Crystal Structure of CRN-4: Implications for Domain Function in
Apoptotic DNA Degradation
Yu-Yuan Hsiao,1,2 Akihisa Nakagawa,3 Zhonghao Shi,2 Shohei Mitani,4
Ding Xue,3 and Hanna S. Yuan2,5*
Institute of Bioinformatics and Structural Biology, National Tsing Hua University, Hsinchu, Taiwan, Republic of China1; Institute of Molecular
Biology, Academia Sinica, Taipei, Taiwan, Republic of China2; Department of Molecular, Cellular and Developmental Biology,
University of Colorado, Boulder, Colorado3; Department of Physiology, Tokyo Women’s Medical University, School of
Medicine, and CREST, JST, Tokyo 162-8666, Japan4; and Graduate Institute of Biochemistry and Molecular Biology,
National Taiwan University, Taipei, Taiwan, Republic of China5
Received 26 June 2008/Returned for modification 4 September 2008/Accepted 23 October 2008

Cell death related nuclease 4 (CRN-4) is one of the apoptotic nucleases involved in DNA degradation in Caenorhabditis elegans.
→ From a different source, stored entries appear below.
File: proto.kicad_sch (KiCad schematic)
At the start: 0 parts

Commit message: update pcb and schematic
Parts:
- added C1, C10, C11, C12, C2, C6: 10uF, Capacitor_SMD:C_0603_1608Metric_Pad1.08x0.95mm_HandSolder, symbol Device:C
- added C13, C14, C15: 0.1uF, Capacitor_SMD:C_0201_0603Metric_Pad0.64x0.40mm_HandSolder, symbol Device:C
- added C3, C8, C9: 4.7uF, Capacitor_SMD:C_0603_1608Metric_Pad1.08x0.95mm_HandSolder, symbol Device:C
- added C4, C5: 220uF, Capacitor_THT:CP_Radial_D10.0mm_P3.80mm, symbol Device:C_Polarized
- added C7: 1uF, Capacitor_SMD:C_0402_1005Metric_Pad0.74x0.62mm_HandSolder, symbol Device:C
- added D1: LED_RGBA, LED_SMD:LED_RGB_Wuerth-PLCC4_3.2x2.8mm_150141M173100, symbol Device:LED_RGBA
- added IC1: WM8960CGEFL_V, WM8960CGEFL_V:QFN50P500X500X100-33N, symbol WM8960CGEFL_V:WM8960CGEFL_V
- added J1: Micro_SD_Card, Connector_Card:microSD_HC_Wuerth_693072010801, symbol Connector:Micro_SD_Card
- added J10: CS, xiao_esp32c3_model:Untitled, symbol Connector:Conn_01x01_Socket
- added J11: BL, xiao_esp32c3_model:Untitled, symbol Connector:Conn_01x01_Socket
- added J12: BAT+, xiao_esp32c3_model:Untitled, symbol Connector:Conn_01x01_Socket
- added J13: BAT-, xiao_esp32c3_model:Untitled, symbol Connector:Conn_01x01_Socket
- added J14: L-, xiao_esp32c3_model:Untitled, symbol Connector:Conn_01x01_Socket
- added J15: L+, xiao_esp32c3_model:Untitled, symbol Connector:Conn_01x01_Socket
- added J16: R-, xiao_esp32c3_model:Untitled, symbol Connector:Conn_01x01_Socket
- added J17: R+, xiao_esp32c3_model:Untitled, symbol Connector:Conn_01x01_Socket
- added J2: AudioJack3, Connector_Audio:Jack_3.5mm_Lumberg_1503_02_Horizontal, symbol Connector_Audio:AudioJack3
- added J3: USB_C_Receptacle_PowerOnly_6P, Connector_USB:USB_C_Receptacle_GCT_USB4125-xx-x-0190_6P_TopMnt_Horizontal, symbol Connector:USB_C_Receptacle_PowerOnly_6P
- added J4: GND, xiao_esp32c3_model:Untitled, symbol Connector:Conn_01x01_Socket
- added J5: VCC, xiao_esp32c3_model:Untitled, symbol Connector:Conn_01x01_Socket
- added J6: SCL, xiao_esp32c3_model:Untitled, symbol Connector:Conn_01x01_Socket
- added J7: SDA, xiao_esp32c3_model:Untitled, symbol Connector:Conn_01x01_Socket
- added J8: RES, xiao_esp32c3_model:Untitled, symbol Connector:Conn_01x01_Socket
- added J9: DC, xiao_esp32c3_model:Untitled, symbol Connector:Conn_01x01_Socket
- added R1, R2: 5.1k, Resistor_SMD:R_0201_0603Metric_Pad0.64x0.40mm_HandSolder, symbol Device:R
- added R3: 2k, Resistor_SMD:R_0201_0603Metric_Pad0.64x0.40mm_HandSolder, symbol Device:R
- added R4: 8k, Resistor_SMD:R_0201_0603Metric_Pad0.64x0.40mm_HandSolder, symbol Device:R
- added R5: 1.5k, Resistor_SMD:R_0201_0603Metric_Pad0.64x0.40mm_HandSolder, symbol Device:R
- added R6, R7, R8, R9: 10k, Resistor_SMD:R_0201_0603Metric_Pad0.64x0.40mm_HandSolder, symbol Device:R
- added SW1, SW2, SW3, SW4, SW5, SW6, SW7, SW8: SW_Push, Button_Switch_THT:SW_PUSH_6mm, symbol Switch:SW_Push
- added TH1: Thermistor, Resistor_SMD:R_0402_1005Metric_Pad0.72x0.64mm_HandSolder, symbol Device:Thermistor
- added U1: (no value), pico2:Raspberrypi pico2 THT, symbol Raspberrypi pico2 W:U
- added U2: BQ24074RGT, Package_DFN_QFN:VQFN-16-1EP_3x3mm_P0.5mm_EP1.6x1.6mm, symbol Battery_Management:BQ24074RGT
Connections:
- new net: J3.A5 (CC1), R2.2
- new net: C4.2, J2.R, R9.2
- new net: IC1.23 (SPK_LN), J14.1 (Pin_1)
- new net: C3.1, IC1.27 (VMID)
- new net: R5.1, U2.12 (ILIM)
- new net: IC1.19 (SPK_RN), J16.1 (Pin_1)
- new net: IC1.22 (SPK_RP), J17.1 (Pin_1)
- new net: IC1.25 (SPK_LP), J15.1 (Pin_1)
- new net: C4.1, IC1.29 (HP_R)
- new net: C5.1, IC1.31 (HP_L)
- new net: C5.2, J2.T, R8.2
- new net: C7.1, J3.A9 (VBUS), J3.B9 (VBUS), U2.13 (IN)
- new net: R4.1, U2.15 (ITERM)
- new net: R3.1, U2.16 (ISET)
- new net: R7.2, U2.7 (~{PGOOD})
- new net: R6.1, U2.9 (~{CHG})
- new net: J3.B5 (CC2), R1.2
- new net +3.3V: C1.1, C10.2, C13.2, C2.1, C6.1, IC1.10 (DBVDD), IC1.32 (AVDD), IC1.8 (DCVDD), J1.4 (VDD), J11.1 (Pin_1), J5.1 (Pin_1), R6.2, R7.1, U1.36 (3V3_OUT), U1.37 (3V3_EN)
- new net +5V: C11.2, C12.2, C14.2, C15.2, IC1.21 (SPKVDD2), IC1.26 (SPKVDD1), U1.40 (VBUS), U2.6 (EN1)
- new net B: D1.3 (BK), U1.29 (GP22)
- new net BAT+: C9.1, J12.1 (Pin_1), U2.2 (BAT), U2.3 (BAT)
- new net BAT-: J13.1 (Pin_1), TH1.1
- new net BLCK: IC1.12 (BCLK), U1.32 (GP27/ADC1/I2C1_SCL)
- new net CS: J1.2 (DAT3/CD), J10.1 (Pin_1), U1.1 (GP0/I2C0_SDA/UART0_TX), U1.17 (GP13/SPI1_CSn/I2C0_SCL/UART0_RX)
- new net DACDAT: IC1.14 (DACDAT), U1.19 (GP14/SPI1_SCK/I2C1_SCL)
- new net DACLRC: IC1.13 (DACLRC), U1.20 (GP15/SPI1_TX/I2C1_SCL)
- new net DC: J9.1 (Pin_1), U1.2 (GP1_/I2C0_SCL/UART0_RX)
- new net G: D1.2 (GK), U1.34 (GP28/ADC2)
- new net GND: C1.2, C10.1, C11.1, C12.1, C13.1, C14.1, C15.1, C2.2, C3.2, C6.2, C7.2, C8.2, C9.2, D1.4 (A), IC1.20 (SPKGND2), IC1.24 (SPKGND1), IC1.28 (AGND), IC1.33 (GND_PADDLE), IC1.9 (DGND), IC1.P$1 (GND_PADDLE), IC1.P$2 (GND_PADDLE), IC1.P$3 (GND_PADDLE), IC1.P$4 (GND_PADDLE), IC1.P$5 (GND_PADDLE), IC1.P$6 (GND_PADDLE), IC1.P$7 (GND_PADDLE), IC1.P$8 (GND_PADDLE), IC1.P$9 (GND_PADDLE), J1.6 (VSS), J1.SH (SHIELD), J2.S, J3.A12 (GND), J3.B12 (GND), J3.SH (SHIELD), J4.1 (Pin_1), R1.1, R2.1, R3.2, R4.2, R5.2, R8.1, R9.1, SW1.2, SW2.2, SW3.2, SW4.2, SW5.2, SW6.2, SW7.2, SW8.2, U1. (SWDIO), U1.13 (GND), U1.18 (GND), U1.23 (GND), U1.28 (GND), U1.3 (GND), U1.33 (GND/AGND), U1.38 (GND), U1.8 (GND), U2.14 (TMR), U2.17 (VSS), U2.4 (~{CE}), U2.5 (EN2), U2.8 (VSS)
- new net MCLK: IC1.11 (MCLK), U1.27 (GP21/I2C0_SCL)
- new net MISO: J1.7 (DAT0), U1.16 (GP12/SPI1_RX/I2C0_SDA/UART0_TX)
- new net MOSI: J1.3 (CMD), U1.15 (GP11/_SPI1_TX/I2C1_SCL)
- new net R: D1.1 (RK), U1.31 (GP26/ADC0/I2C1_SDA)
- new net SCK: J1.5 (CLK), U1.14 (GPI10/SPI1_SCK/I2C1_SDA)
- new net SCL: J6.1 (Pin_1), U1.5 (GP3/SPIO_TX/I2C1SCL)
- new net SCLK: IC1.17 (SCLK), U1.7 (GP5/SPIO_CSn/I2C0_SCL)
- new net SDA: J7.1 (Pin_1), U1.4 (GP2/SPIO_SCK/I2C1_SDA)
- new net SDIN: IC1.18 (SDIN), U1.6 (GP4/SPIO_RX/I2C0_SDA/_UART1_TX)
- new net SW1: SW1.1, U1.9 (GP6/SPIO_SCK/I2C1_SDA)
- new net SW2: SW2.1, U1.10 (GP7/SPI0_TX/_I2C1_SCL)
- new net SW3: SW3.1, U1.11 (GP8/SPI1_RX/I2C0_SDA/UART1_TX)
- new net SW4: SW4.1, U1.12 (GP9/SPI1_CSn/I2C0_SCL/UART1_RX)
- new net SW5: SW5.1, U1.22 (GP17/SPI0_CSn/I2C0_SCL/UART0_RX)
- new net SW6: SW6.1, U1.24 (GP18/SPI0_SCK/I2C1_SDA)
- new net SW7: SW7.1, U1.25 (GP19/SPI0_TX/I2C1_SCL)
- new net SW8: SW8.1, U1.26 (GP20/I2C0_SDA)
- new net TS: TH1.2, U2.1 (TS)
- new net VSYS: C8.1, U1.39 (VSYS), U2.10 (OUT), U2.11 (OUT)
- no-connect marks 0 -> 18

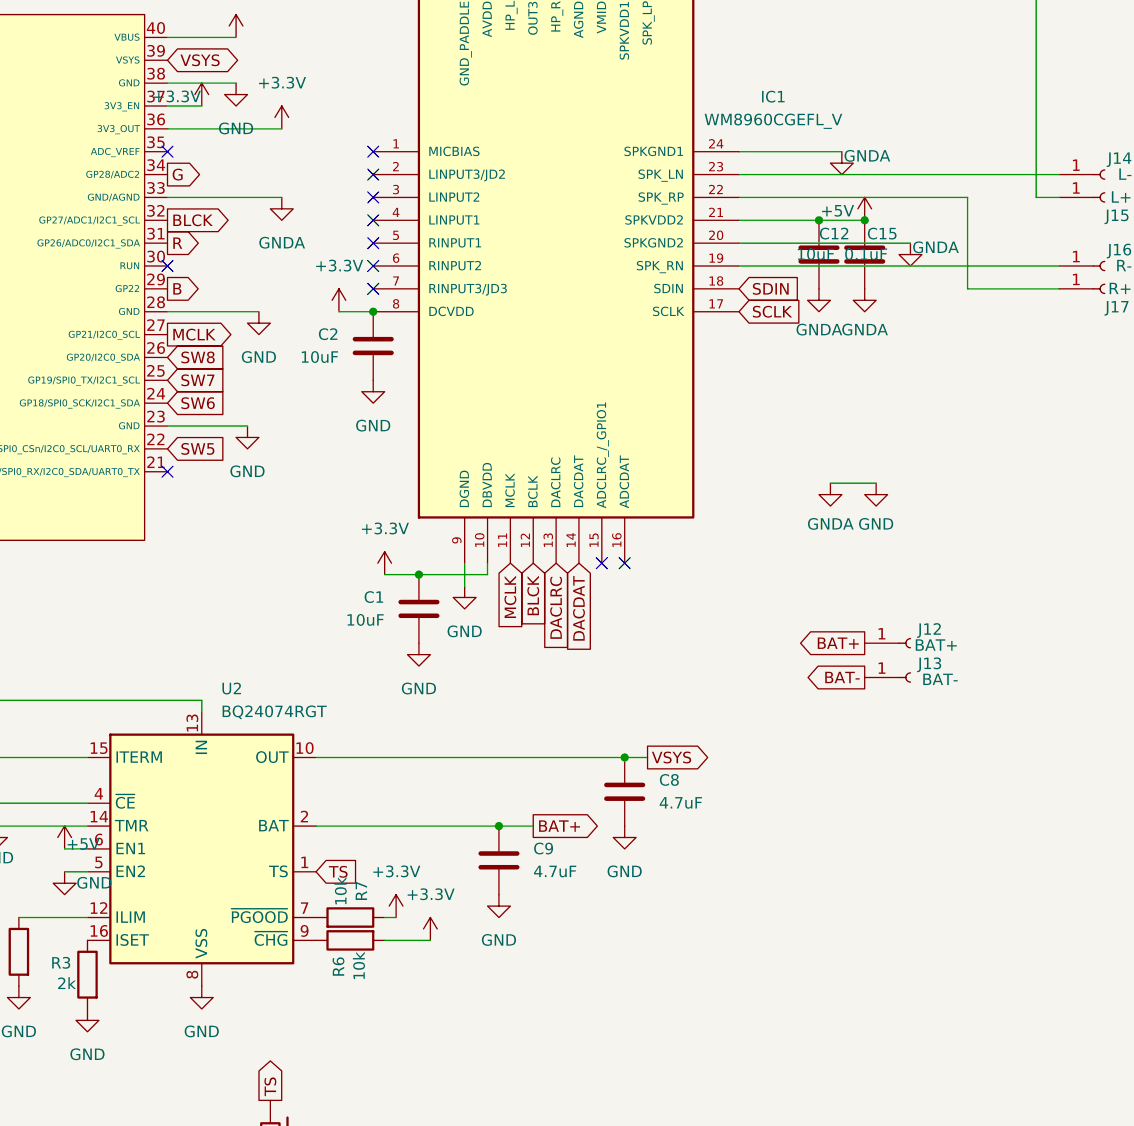
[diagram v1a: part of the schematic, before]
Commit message: Update hardware & software
Added a voltage divider to be able to measure battery level and added very basic firmware
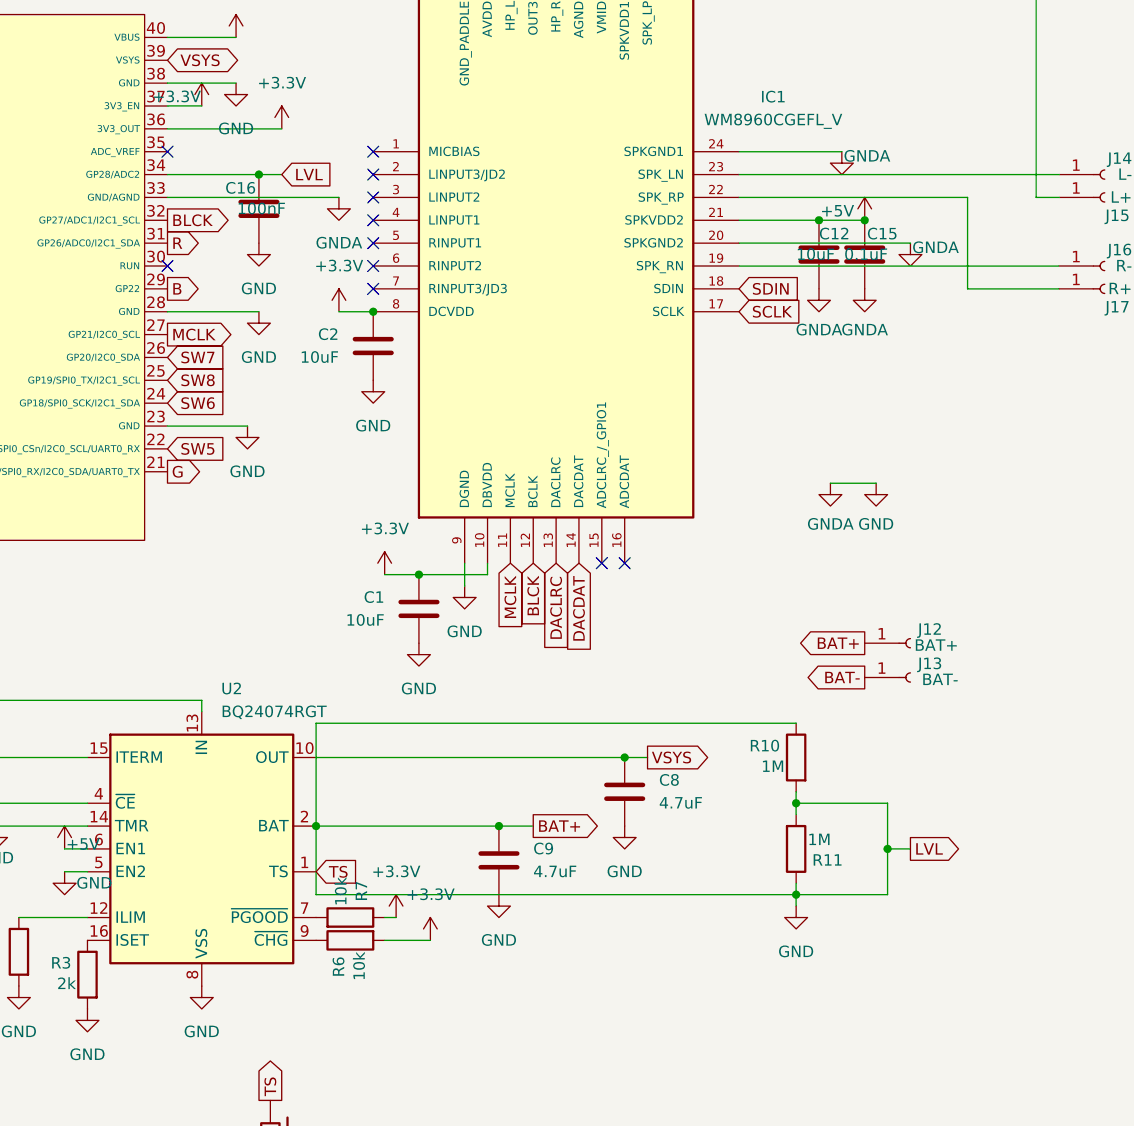
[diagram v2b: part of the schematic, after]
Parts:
- added C16: 100nF, Capacitor_SMD:C_0201_0603Metric_Pad0.64x0.40mm_HandSolder, symbol Device:C
- added R10, R11: 1M, Resistor_SMD:R_0201_0603Metric_Pad0.64x0.40mm_HandSolder, symbol Device:R
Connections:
- net BAT+ is gone; now on net GND: C9.1, J12.1 (Pin_1), U2.2 (BAT), U2.3 (BAT)
- net TS is gone; now on net GND: TH1.2, U2.1 (TS)
- net G: now also U1.21 (GP16/SPI0_RX/I2C0_SDA/UART0_TX); no longer U1.34 (GP28/ADC2)
- net GND: now also U1.34 (GP28/ADC2), C16.1, C16.2, R10.1, R10.2, R11.1, R11.2
- net SW7: now also U1.26 (GP20/I2C0_SDA); no longer U1.25 (GP19/SPI0_TX/I2C1_SCL)
- net SW8: now also U1.25 (GP19/SPI0_TX/I2C1_SCL); no longer U1.26 (GP20/I2C0_SDA)
- no-connect marks 18 -> 17

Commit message: UPDATED stuff again for software + hello world
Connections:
- net BLCK: now also U1.19 (GP14/SPI1_SCK/I2C1_SCL); no longer U1.32 (GP27/ADC1/I2C1_SCL)
- net DACDAT: now also U1.32 (GP27/ADC1/I2C1_SCL); no longer U1.19 (GP14/SPI1_SCK/I2C1_SCL)
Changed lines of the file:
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@@
 	(global_label "BLCK"
 		(shape output)
-		(at 146.05 80.01 0)
-		(fields_autoplaced yes)
-		(effects
-			(font
-				(size 1.27 1.27)
-			)
-			(justify left)
-		)
-		(property "Intersheetrefs" "${INTERSHEET_REFS}"
-			(at 153.8733 80.01 0)
-			(hide yes)
-			(show_name no)
-			(do_not_autoplace no)
-			(effects
-				(font
-					(size 1.27 1.27)
-				)
-				(justify left)
+		(at 97.79 105.41 180)
+		(fields_autoplaced yes)
+		(effects
+			(font
+				(size 1.27 1.27)
+			)
+			(justify right)
+		)
+		(property "Intersheetrefs" "${INTERSHEET_REFS}"
+			(at 89.9667 105.41 0)
+			(hide yes)
+			(show_name no)
+			(do_not_autoplace no)
+			(effects
+				(font
+					(size 1.27 1.27)
+				)
+				(justify right)
 			)
 		)
@@
 		)
 	)
-	(global_label "DACDAT"
-		(shape input)
-		(at 97.79 105.41 180)
-		(fields_autoplaced yes)
-		(effects
-			(font
-				(size 1.27 1.27)
-			)
-			(justify right)
-		)
-		(property "Intersheetrefs" "${INTERSHEET_REFS}"
-			(at 87.85 105.41 0)
-			(hide yes)
-			(show_name no)
-			(do_not_autoplace no)
-			(effects
-				(font
-					(size 1.27 1.27)
-				)
-				(justify right)
-			)
-		)
-	)
 	(global_label "MISO"
 		(shape bidirectional)
@@
 	)
 	(global_label "DACLRC"
-		(shape input)
+		(shape output)
 		(at 97.79 107.95 180)
 		(fields_autoplaced yes)
@@
 			(hide yes)
 			(show_name no)
+			(do_not_autoplace no)
+			(effects
+				(font
+					(size 1.27 1.27)
+				)
+				(justify left)
+			)
+		)
+	)
+	(global_label "DACDAT"
+		(shape output)
+		(at 146.05 80.01 0)
+		(fields_autoplaced yes)
+		(effects
+			(font
+				(size 1.27 1.27)
+			)
+			(justify left)
+		)
+		(property "Intersheetrefs" "${INTERSHEET_REFS}"
+			(at 155.99 80.01 0)
+			(hide yes)
+			(show_name no)

To understand how CRN-4 is involved in apoptotic DNA fragmentation, we analyzed CRN-4's biochemical properties, in vivo cell functions, and the crystal structures of CRN-4 in apo-form, Mn2+ -bound active form, and Er3+bound inactive form. CRN-4 is a dimeric nuclease with the optimal enzyme activity in cleaving double-stranded DNA in apoptotic salt conditions. Both mutational studies and the structures of the Mn2+ -bound CRN-4 revealed the geometry of the functional nuclease active site in the N-terminal DEDDh domain. The C-terminal domain, termed the Zn-domain, contains basic surface residues ideal for nucleic acid recognition and is involved in DNA binding, as confirmed by deletion assays. Cell death analysis in C. elegans further demonstrated that both the nuclease active site and the Zn-domain are required for crn-4's function in apoptosis. Combining all of the data, we suggest a structural model where chromosomal DNA is bound at the Zn -domain and cleaved at the DEDDh nuclease domain in CRN-4 when the cell is undergoing apoptosis.

mcb2009
Electrostatic surface potential and DNA-binding sites of CRN-4. (A) The front and top views of the electrostatic surface potential of CRN-4 show that the surface of Zn-domain is highly basic. The color scale was set from 5 kT/e (red) to 5 kT/e (blue), as calculated by Pymol(9). (B) The top view of the ribbon model of CRN-4 shows the five arginine residues—Arg216, Arg248, Arg253, Arg261, and Arg264—in the Zn-domain (in salmon) exposing on the surface. (C) CRN-4 digested a double-stranded 49-mer DNA more efficiently than the C-terminal Zn-domain deletion mutant. The DNA was digested at 23°C for 180 min because the deletion mutant was less stable. (D) The Zn-domain deletion mutant bound to double-stranded 31-mer DNA with an 8-fold reduced affinity compared to the wild-type CRN-4, as assayed by gel shift experiments. The three arrowheads mark the protein-DNA complexes.